The couple worry about Lara’s future schooling, too. The last time Pagliara dei Marsi had a teacher – whose home doubled-up as the school – was decades ago. There is an infant and primary school in nearby Castellafiume, but given the school closures across Italy due to the birthrate decline, it remains to be seen whether there will be enough children to sustain the facility over the long term.
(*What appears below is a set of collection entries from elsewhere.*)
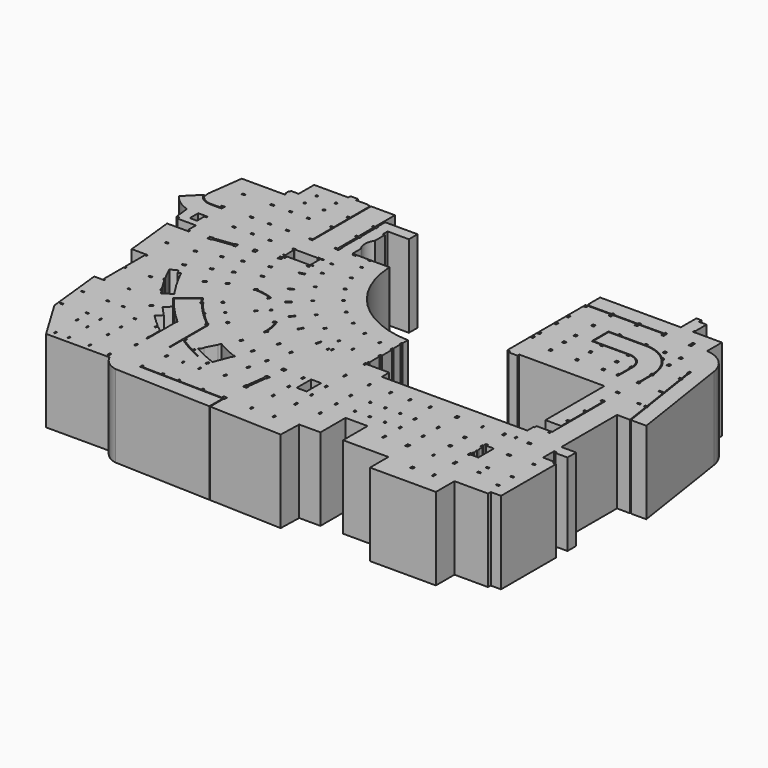
from build123d import *

# Parameters (mm, degrees)
F0_W     = 0.4
F0_H     = 0.8
F0_W_2   = 0.5
F0_H_2   = 0.9
F0_W_3   = 0.8
F0_H_3   = 0.4
F0_W_4   = 0.9
F0_H_4   = 0.5
F0_R     = 0.4
F0_H_5   = 1
F0_H_6   = 1.1
F0_W_5   = 2.99666
F0_H_7   = 5.520163
F0_R_2   = 0.35
F0_W_6   = 0.6
F0_H_8   = 0.6
F0_W_7   = 1.1
F0_H_9   = 0.800002
F0_W_8   = 0.799821
F0_W_9   = 1
F0_H_10  = 0.800178
F0_W_10  = 0.7
F0_H_11  = 0.7
F1_DEPTH = 25


# Not quite as in the source:
# - ends of sketch curves that miss each other by under 0.0002 mm in the source are joined


with BuildPart() as f1:
    # F0 (on Top) → F1 (new body)
    with BuildSketch(Plane.XY):
        with BuildLine():
            Line((-60.500308, -48.4425), (-41.219825, -48.4425))
            ThreePointArc((-41.219825, -48.4425), (-39.2824466185, -50.9328412394), (-36.4152879423, -52.2498967017))
            Line((-36.4152879423, -52.2498967017), (-7.058092, -53.288682))
            Line((-7.058092, -53.288682), (-7.058092, -48.1925))
            Line((-7.058092, -48.1925), (-32.583092, -47.6925))
            Line((-32.583092, -47.6925), (-32.583092, -46.7925))
            Line((-32.583092, -46.7925), (-32.083092, -46.7925))
            Line((-32.083092, -46.7925), (-32.083092, -47.442451))
            Line((-32.083092, -47.442451), (-26.308092, -47.556856))
            Line((-26.308092, -47.556856), (-26.308092, -46.91566))
            Line((-26.308092, -46.91566), (-25.808092, -46.91566))
            Line((-25.808092, -46.91566), (-25.808092, -47.566762))
            Line((-25.808092, -47.566762), (-21.258092, -47.656899))
            Line((-21.258092, -47.656899), (-21.258092, -47.014777))
            Line((-21.258092, -47.014777), (-20.758092, -47.014777))
            Line((-20.758092, -47.014777), (-20.758092, -47.666804))
            Line((-20.758092, -47.666804), (-13.958092, -47.801515))
            Line((-13.958092, -47.801515), (-13.958092, -47.158054))
            Line((-13.958092, -47.158054), (-13.458092, -47.158054))
            Line((-13.458092, -47.158054), (-13.458092, -47.811421))
            Line((-13.458092, -47.811421), (-7.608092, -47.927312))
            Line((-7.608092, -47.927312), (-7.602355, -47.1925))
            Line((-7.602355, -47.1925), (-6.558092, -47.1925))
            Line((-6.558092, -47.1925), (-6.558092, -48.1925))
            Line((-6.558092, -48.1925), (-6.808092, -48.1925))
            Line((-6.808092, -48.1925), (-6.808092, -53.297525))
            Line((-6.808092, -53.297525), (15.228774, -54.076935))
            Line((15.228774, -54.076935), (15.416908, -47.2925))
            Line((15.416908, -47.2925), (21.866908, -47.2925))
            Line((21.866908, -47.2925), (21.866908, -37.7675))
            Line((21.866908, -37.7675), (28.566908, -37.7675))
            Line((28.566908, -37.7675), (28.566908, -47.0925))
            Line((28.566908, -47.0925), (42.341908, -47.0925))
            Line((42.341908, -47.0925), (42.341908, -54.0825))
            Line((42.341908, -54.0825), (62.341908, -54.0825))
            Line((62.341908, -54.0825), (62.341908, -47.0175))
            Line((62.341908, -47.0175), (72.536908, -47.0175))
            Line((72.536908, -47.0175), (72.536908, -45.9975))
            Line((72.536908, -45.9975), (75.656908, -45.9975))
            Line((75.656908, -45.9975), (75.656908, -25.177417))
            Line((75.656908, -25.177417), (74.636908, -25.177417))
            Line((74.636908, -25.177417), (74.636908, -24.457417))
            Line((74.636908, -24.457417), (71.166908, -24.457417))
            Line((71.166908, -24.457417), (71.166908, -20.2425))
            Line((71.166908, -20.2425), (71.966908, -20.2425))
            Line((71.966908, -20.2425), (71.966908, -20.7925))
            Line((71.966908, -20.7925), (75.656908, -20.7925))
            Line((75.656908, -20.7925), (75.656908, -17.496517))
            Line((75.656908, -17.496517), (71.166908, -17.496517))
            Line((71.166908, -17.496517), (71.166908, 3.6075))
            Line((71.166908, 3.6075), (75.119187, 3.6075))
            Line((75.119187, 3.6075), (73.969052, 11.1075))
            Line((73.969052, 11.1075), (73.431908, 11.1075))
            Line((73.431908, 11.1075), (73.431908, 11.6075))
            Line((73.431908, 11.6075), (73.892376, 11.6075))
            Line((73.892376, 11.6075), (72.726906, 19.2075))
            Line((72.726906, 19.2075), (71.166908, 19.2075))
            Line((71.166908, 19.2075), (71.166908, 19.6075))
            Line((71.166908, 19.6075), (72.665566, 19.6075))
            Line((72.665566, 19.6075), (71.500043, 27.207842))
            Line((71.500043, 27.207842), (70.860716, 27.207842))
            Line((70.860716, 27.207842), (70.860716, 27.807842))
            Line((70.860716, 27.807842), (71.408032, 27.807842))
            Line((71.408032, 27.807842), (70.9672, 30.6825))
            Line((70.9672, 30.6825), (70.691908, 30.6825))
            Line((70.691908, 30.6825), (70.691908, 31.6825))
            Line((70.691908, 31.6825), (71.291908, 31.6825))
            Line((71.291908, 31.6825), (71.291908, 30.6825))
            Line((71.291908, 30.6825), (71.220122, 30.6825))
            Line((71.220122, 30.6825), (71.660955, 27.807842))
            Line((71.660955, 27.807842), (71.860716, 27.807842))
            Line((71.860716, 27.807842), (71.860716, 27.207842))
            Line((71.860716, 27.207842), (71.752966, 27.207842))
            Line((71.752966, 27.207842), (74.145299, 11.6075))
            Line((74.145299, 11.6075), (74.331908, 11.6075))
            Line((74.331908, 11.6075), (74.331908, 11.1075))
            Line((74.331908, 11.1075), (74.221975, 11.1075))
            Line((74.221975, 11.1075), (75.37211, 3.6075))
            Line((75.37211, 3.6075), (80.076468, 3.6075))
            Line((80.076468, 3.6075), (75.202936, 35.387673))
            ThreePointArc((75.202936, 35.387673), (72.5472354013, 40.3467347714), (67.3669079681, 42.5397344789))
            Line((67.3669079681, 42.5397344789), (67.366908, 48.1825))
            Line((67.366908, 48.1825), (67.350299, 48.1825))
            Line((67.350299, 48.1825), (58.591908, 48.1825))
            Line((58.591908, 48.1825), (58.591908, 48.6825))
            Line((58.591908, 48.6825), (58.791908, 48.6825))
            Line((58.791908, 48.6825), (58.791908, 53.0825))
            Line((58.791908, 53.0825), (56.491908, 53.0825))
            Line((56.491908, 53.0825), (56.491908, 54.0825))
            Line((56.491908, 54.0825), (54.89212, 54.0825))
            Line((54.89212, 54.0825), (54.891908, 48.1875))
            Line((54.891908, 48.1875), (30.391908, 48.1875))
            Line((30.391908, 48.1875), (30.391908, 43.7075))
            Line((30.391908, 43.7075), (30.841908, 43.7075))
            Line((30.841908, 43.7075), (30.841908, 43.2575))
            Line((30.841908, 43.2575), (37.741908, 43.2575))
            Line((37.741908, 43.2575), (37.741908, 43.7075))
            Line((37.741908, 43.7075), (38.441908, 43.7075))
            Line((38.441908, 43.7075), (38.441908, 43.2575))
            Line((38.441908, 43.2575), (45.741908, 43.2575))
            Line((45.741908, 43.2575), (45.741908, 43.7075))
            Line((45.741908, 43.7075), (46.441908, 43.7075))
            Line((46.441908, 43.7075), (46.441908, 43.2575))
            Line((46.441908, 43.2575), (53.741908, 43.2575))
            Line((53.741908, 43.2575), (53.741908, 43.7075))
            Line((53.741908, 43.7075), (54.441908, 43.7075))
            Line((54.441908, 43.7075), (54.441908, 43.0075))
            Line((54.441908, 43.0075), (30.091908, 43.005431))
            Line((30.091908, 43.005431), (30.091908, 13.3325))
            Line((30.091908, 13.3325), (30.941908, 13.3325))
            Line((30.941908, 13.3325), (30.941908, 12.6525))
            Line((30.941908, 12.6525), (33.716908, 12.6525))
            Line((33.716908, 12.6525), (33.716908, 13.3325))
            Line((33.716908, 13.3325), (59.586908, 13.322754))
            Line((59.586908, 13.322754), (59.586908, -9.084322))
            Line((59.586908, -9.084322), (64.366908, -9.084322))
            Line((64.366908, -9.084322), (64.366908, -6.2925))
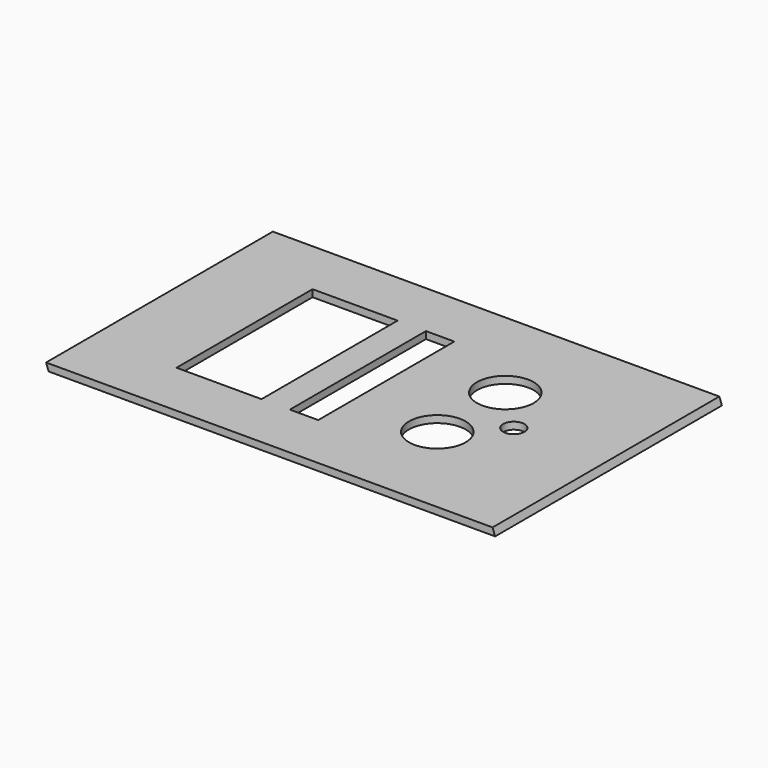
from build123d import *

# Parameters (mm, degrees)
F0_W     = 406.4
F0_H     = 254
F0_R     = 25.4
F0_W_2   = 76.2
F0_H_2   = 152.4
F0_W_3   = 25.4
F0_R_2   = 9.525
F1_DEPTH = 6.35
F3_DEPTH = 254.001
F5_DEPTH = 254.001


with BuildPart() as f1:
    # F0 (on Top) → F1 (new body)
    with BuildSketch(Plane.XY):
        with Locations((203.2, 127)):
            Rectangle(F0_W, F0_H)
        with Locations((279.4, 88.9)):
            Circle(F0_R, mode=Mode.SUBTRACT)
        with Locations((114.3, 127)):
            Rectangle(F0_W_2, F0_H_2, mode=Mode.SUBTRACT)
        with Locations((190.5, 127)):
            Rectangle(F0_W_3, F0_H_2, mode=Mode.SUBTRACT)
        with Locations((279.4, 165.1)):
            Circle(F0_R, mode=Mode.SUBTRACT)
        with Locations((317.5, 127)):
            Circle(F0_R_2, mode=Mode.SUBTRACT)
    extrude(amount=F1_DEPTH)

    # F2 (on face) → F3 (cut, through all)
    with BuildSketch(Plane.XZ):
        Polygon((2.3112109876, 0), (0, 6.35), (0, 0), align=None)
    extrude(amount=-F3_DEPTH, mode=Mode.SUBTRACT)

    # F4 (on face) → F5 (cut, through all)
    with BuildSketch(Plane.XZ):
        Polygon((400.05, 6.35), (402.3612109876, 0), (406.4, 0), (406.4, 6.35), align=None)
        Polygon((396.6623240103, 15.657563286), (400.05, 6.35), (406.4, 6.35), (406.4, 0), (417.733579874, 0), (417.733579874, 15.657563286), align=None)
    extrude(amount=-F5_DEPTH, mode=Mode.SUBTRACT)


solid = f1.part
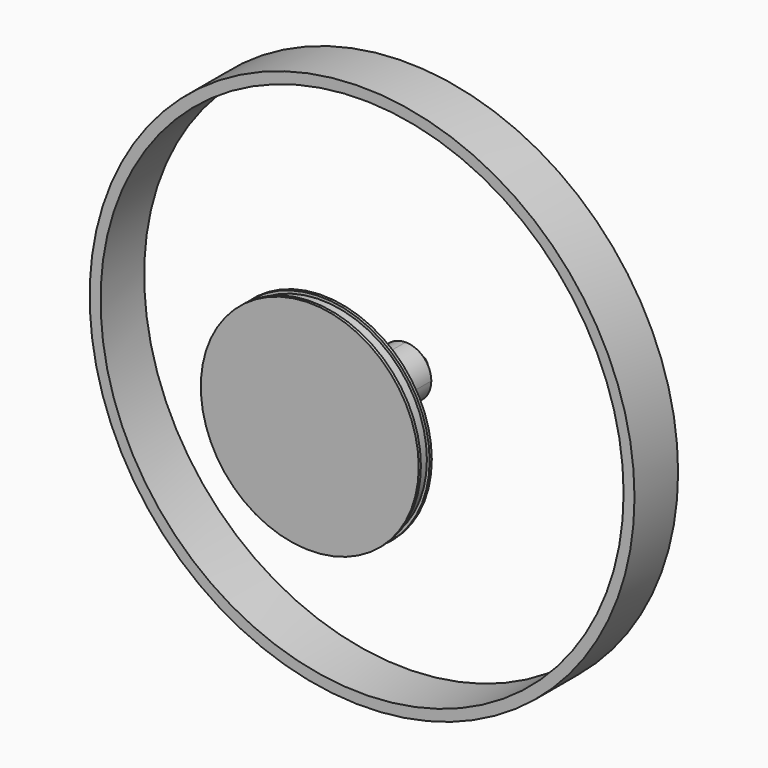
from build123d import *

# Parameters (mm, degrees)
F0_R          = 63.5
F1_DEPTH      = 6.35
F2_R          = 60.96
F3_DEPTH      = 12.701
F5_DEPTH      = 6.35
F6_R          = 2.170991
F7_DEPTH      = 17.78
F7_DEPTH_BACK = 10.16
F8_R          = 25.4
F9_DEPTH      = 0.635
F10_R         = 24.765
F11_DEPTH     = 2.54
F13_R         = 25.4
F14_DEPTH     = 0.635


# Not quite as in the source:
# - the program builds the solid bodies; features that only make, move or delete a surface that nothing else refers to are left out


with BuildPart() as f1:
    # F0 (on Front) → F1 (new body, symmetric)
    with BuildSketch(Plane.XZ):
        Circle(F0_R)
    extrude(amount=F1_DEPTH, both=True)

    # F2 (on face) → F3 (cut, through all)
    with BuildSketch(Plane.XZ.offset(6.35)):
        Circle(F2_R)
    extrude(amount=-F3_DEPTH, mode=Mode.SUBTRACT)


with BuildPart() as f5:
    # F4 (on Front) → F5 (new body, symmetric)
    with BuildSketch(Plane.XZ):
        with BuildLine():
            ThreePointArc((0, -5.980991), (4.229199, -4.229199), (5.980991, 0))
            ThreePointArc((5.980991, 0), (4.229199, 4.229199), (0, 5.980991))
            ThreePointArc((0, 5.980991), (-5.980991, 0), (0, -5.980991))
        make_face()
    extrude(amount=F5_DEPTH, both=True)

    # F6 (on Front) → F7 (join, two sides)
    with BuildSketch(Plane.XZ) as f7_sk:
        Circle(F6_R)
    extrude(amount=F7_DEPTH)
    extrude(f7_sk.sketch, amount=-F7_DEPTH_BACK)

    # F8 (on face) → F9 (join)
    with BuildSketch(Plane.XZ.offset(17.78)):
        Circle(F8_R)
    extrude(amount=F9_DEPTH)

    # F10 (on face) → F11 (join)
    with BuildSketch(Plane.XZ.offset(18.415)):
        Circle(F10_R)
    extrude(amount=F11_DEPTH)

    # F13 (on face) → F14 (join)
    with BuildSketch(Plane.XZ.offset(20.955)):
        Circle(F13_R)
    extrude(amount=F14_DEPTH)


solid = Compound([f1.part, f5.part])

Trabucco said financial incentives were not enough to stymie the trend. “The entire system needs to be revolutionised,” she added. “We’re a country of high taxes but this does not translate into a good quality of life or good social services.”
About an hour’s drive from Pagliara dei Marsi is Sulmona, a once-thriving city where the hastened pace of depopulation over the past decade has led to a battle to save its maternity unit, located at Annunziata hospital, from closure.
The unit, which serves the city and nearby towns, delivered 120 babies in 2024, well below the 500 required for maternity units to maintain funding. If it closes, pregnant women would need to travel to L’Aquila, the regional capital, about an hour’s drive away, posing risks in emergency situations.
“The region is vast and especially in winter, travel conditions can be treacherous,” said Gianluca Di Luigi, a gynaecologist at the hospital who recalled a woman in labour who got stuck in a snow storm for eight hours. “By the time we got her to the hospital, we had to do an emergency caesarean. This was her first child and she was traumatised by the whole experience.”
Those fighting to keep the unit open argue that the figure of 500 births a year, established in 2010, is no longer realistic. “We never did reach the magic 500 here,” said Berta Gambina, a midwife who has worked in the unit for 39 years. “Even in the best of times, we averaged about 380 births a year. But I will do all I can to keep it open – my biggest fear is abandoning pregnant women.”
Ornella La Civita, a city councillor with the centre-left Democratic party, said financial incentives to encourage births were welcome. “But how can you give women money to have babies but not guarantee them a safe and secure place to give birth?”
One often overlooked topic in Italy’s birthrate debate is preserving fertility, said Di Luigi, through means such as freezing eggs. “Ideological thinking in Italy has always been a block,” he added. “But if we want newborns, then we need enlightenment too – yes, provide young people with dignified jobs but let’s start teaching them about preserving fertility.”